INFORMATION GIVEN
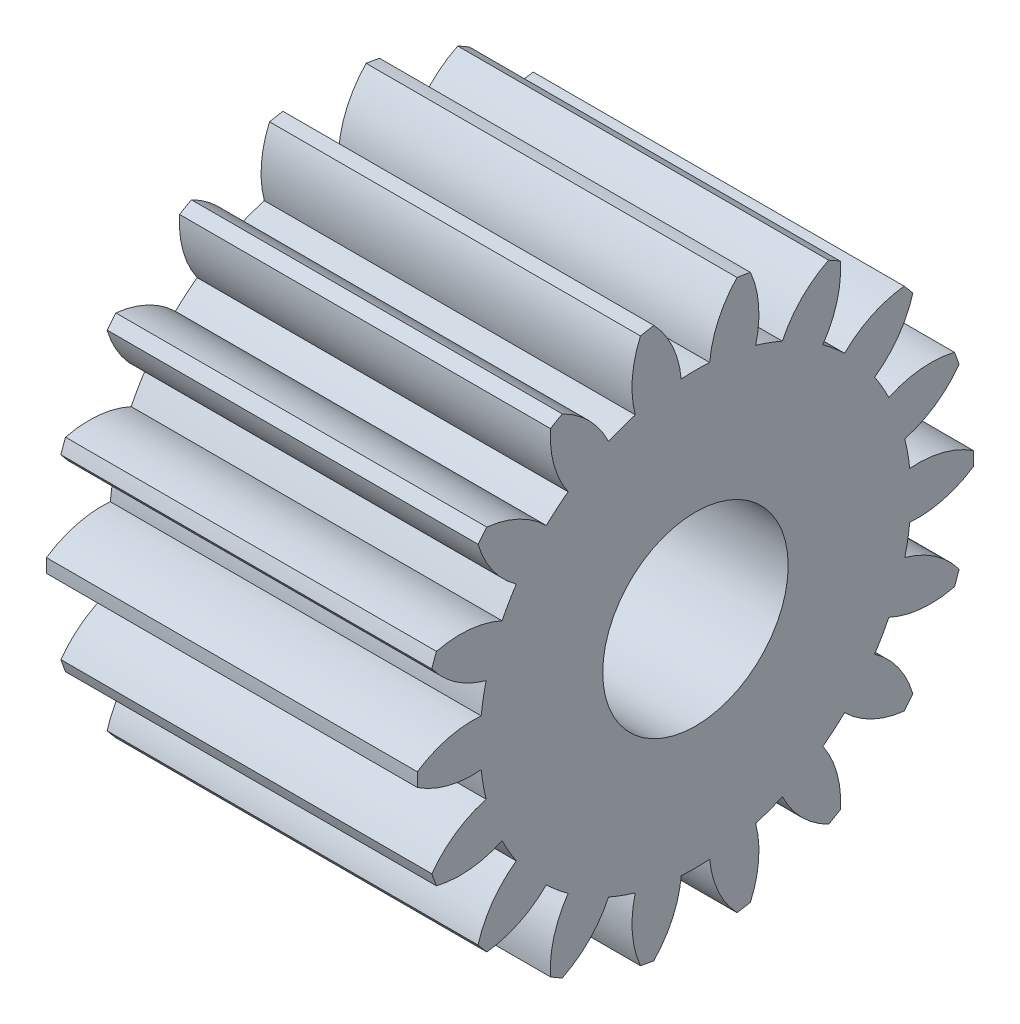
from build123d import *

# Parameters (mm, degrees)
BASPROSKE_W        = 8
BASPROSKE_H        = 6
TOOTHCUT_DEPTH     = 12.66190379
TEETHCUTS_COUNT    = 18
TEETHCUTS_ANGLE    = 340
BORSKE_R           = 0.5
BORE_DEPTH         = 50.0000508
SKETCH1_R          = 2
CUT_EXTRUDE1_DEPTH = 12.627390673


with BuildPart() as part:
    # BasProSke → Base-Revolve (revolve)
    with BuildSketch(Plane(origin=(0, 0, 0), x_dir=(1, 0, 0), z_dir=(0, 1, 0)), mode=Mode.PRIVATE) as base_revolve_sk:
        with Locations((4, 3)):
            Rectangle(BASPROSKE_W, BASPROSKE_H)
    revolve(base_revolve_sk.sketch.rotate(Axis((-10, 0, 0), (1, 0, 0)), 180), axis=Axis((-10, 0, 0), (1, 0, 0)))

    # TooCutSke → ToothCut (cut, through all)
    with BuildSketch(Plane(origin=(0, 0, 0), x_dir=(0, 0, -1), z_dir=(1, 0, 0))):
        with BuildLine():
            ThreePointArc((0.306649621, 4.638875619), (0, 4.649), (-0.306649621, 4.638875619))
            ThreePointArc((-0.306649621, 4.638875619), (-0.498605842, 5.349852231), (-0.918258882, 5.955018538))
            ThreePointArc((-0.918258882, 5.955018538), (0, 6.0254), (0.918258882, 5.955018538))
            ThreePointArc((0.918258882, 5.955018538), (0.498605842, 5.349852231), (0.306649621, 4.638875619))
        make_face()
    toothcut = extrude(amount=TOOTHCUT_DEPTH, mode=Mode.SUBTRACT)

    # TeethCuts: ToothCut ×18 about axis
    teethcuts_axis = Axis((-10, 0, 0), (1, 0, 0))
    for i in range(1, TEETHCUTS_COUNT):
        add(toothcut.rotate(teethcuts_axis, i * TEETHCUTS_ANGLE / (TEETHCUTS_COUNT - 1)), mode=Mode.SUBTRACT)

    # BorSke → Bore (cut, symmetric)
    with BuildSketch(Plane(origin=(0, 0, 0), x_dir=(0, 0, -1), z_dir=(1, 0, 0))):
        with Locations(Location((0, 0, 0), (0, 0, 180))):
            Circle(BORSKE_R)
    extrude(amount=BORE_DEPTH, both=True, mode=Mode.SUBTRACT)

    # Sketch1 → Cut-Extrude1 (cut, through all)
    with BuildSketch(Plane(origin=(8, 0, 0), x_dir=(0, 0, -1), z_dir=(1, 0, 0))):
        Circle(SKETCH1_R)
    extrude(amount=-CUT_EXTRUDE1_DEPTH, mode=Mode.SUBTRACT)


solid = part.part

WORK INSTRUCTION
Top to bottom, retype the listing exactly but drop every picture.

EXPECTED ANSWER
from build123d import *

# Parameters (mm, degrees)
BASPROSKE_W        = 8
BASPROSKE_H        = 6
TOOTHCUT_DEPTH     = 12.66190379
TEETHCUTS_COUNT    = 18
TEETHCUTS_ANGLE    = 340
BORSKE_R           = 0.5
BORE_DEPTH         = 50.0000508
SKETCH1_R          = 2
CUT_EXTRUDE1_DEPTH = 12.627390673


with BuildPart() as part:
    # BasProSke → Base-Revolve (revolve)
    with BuildSketch(Plane(origin=(0, 0, 0), x_dir=(1, 0, 0), z_dir=(0, 1, 0)), mode=Mode.PRIVATE) as base_revolve_sk:
        with Locations((4, 3)):
            Rectangle(BASPROSKE_W, BASPROSKE_H)
    revolve(base_revolve_sk.sketch.rotate(Axis((-10, 0, 0), (1, 0, 0)), 180), axis=Axis((-10, 0, 0), (1, 0, 0)))

    # TooCutSke → ToothCut (cut, through all)
    with BuildSketch(Plane(origin=(0, 0, 0), x_dir=(0, 0, -1), z_dir=(1, 0, 0))):
        with BuildLine():
            ThreePointArc((0.306649621, 4.638875619), (0, 4.649), (-0.306649621, 4.638875619))
            ThreePointArc((-0.306649621, 4.638875619), (-0.498605842, 5.349852231), (-0.918258882, 5.955018538))
            ThreePointArc((-0.918258882, 5.955018538), (0, 6.0254), (0.918258882, 5.955018538))
            ThreePointArc((0.918258882, 5.955018538), (0.498605842, 5.349852231), (0.306649621, 4.638875619))
        make_face()
    toothcut = extrude(amount=TOOTHCUT_DEPTH, mode=Mode.SUBTRACT)

    # TeethCuts: ToothCut ×18 about axis
    teethcuts_axis = Axis((-10, 0, 0), (1, 0, 0))
    for i in range(1, TEETHCUTS_COUNT):
        add(toothcut.rotate(teethcuts_axis, i * TEETHCUTS_ANGLE / (TEETHCUTS_COUNT - 1)), mode=Mode.SUBTRACT)

    # BorSke → Bore (cut, symmetric)
    with BuildSketch(Plane(origin=(0, 0, 0), x_dir=(0, 0, -1), z_dir=(1, 0, 0))):
        with Locations(Location((0, 0, 0), (0, 0, 180))):
            Circle(BORSKE_R)
    extrude(amount=BORE_DEPTH, both=True, mode=Mode.SUBTRACT)

    # Sketch1 → Cut-Extrude1 (cut, through all)
    with BuildSketch(Plane(origin=(8, 0, 0), x_dir=(0, 0, -1), z_dir=(1, 0, 0))):
        Circle(SKETCH1_R)
    extrude(amount=-CUT_EXTRUDE1_DEPTH, mode=Mode.SUBTRACT)


solid = part.part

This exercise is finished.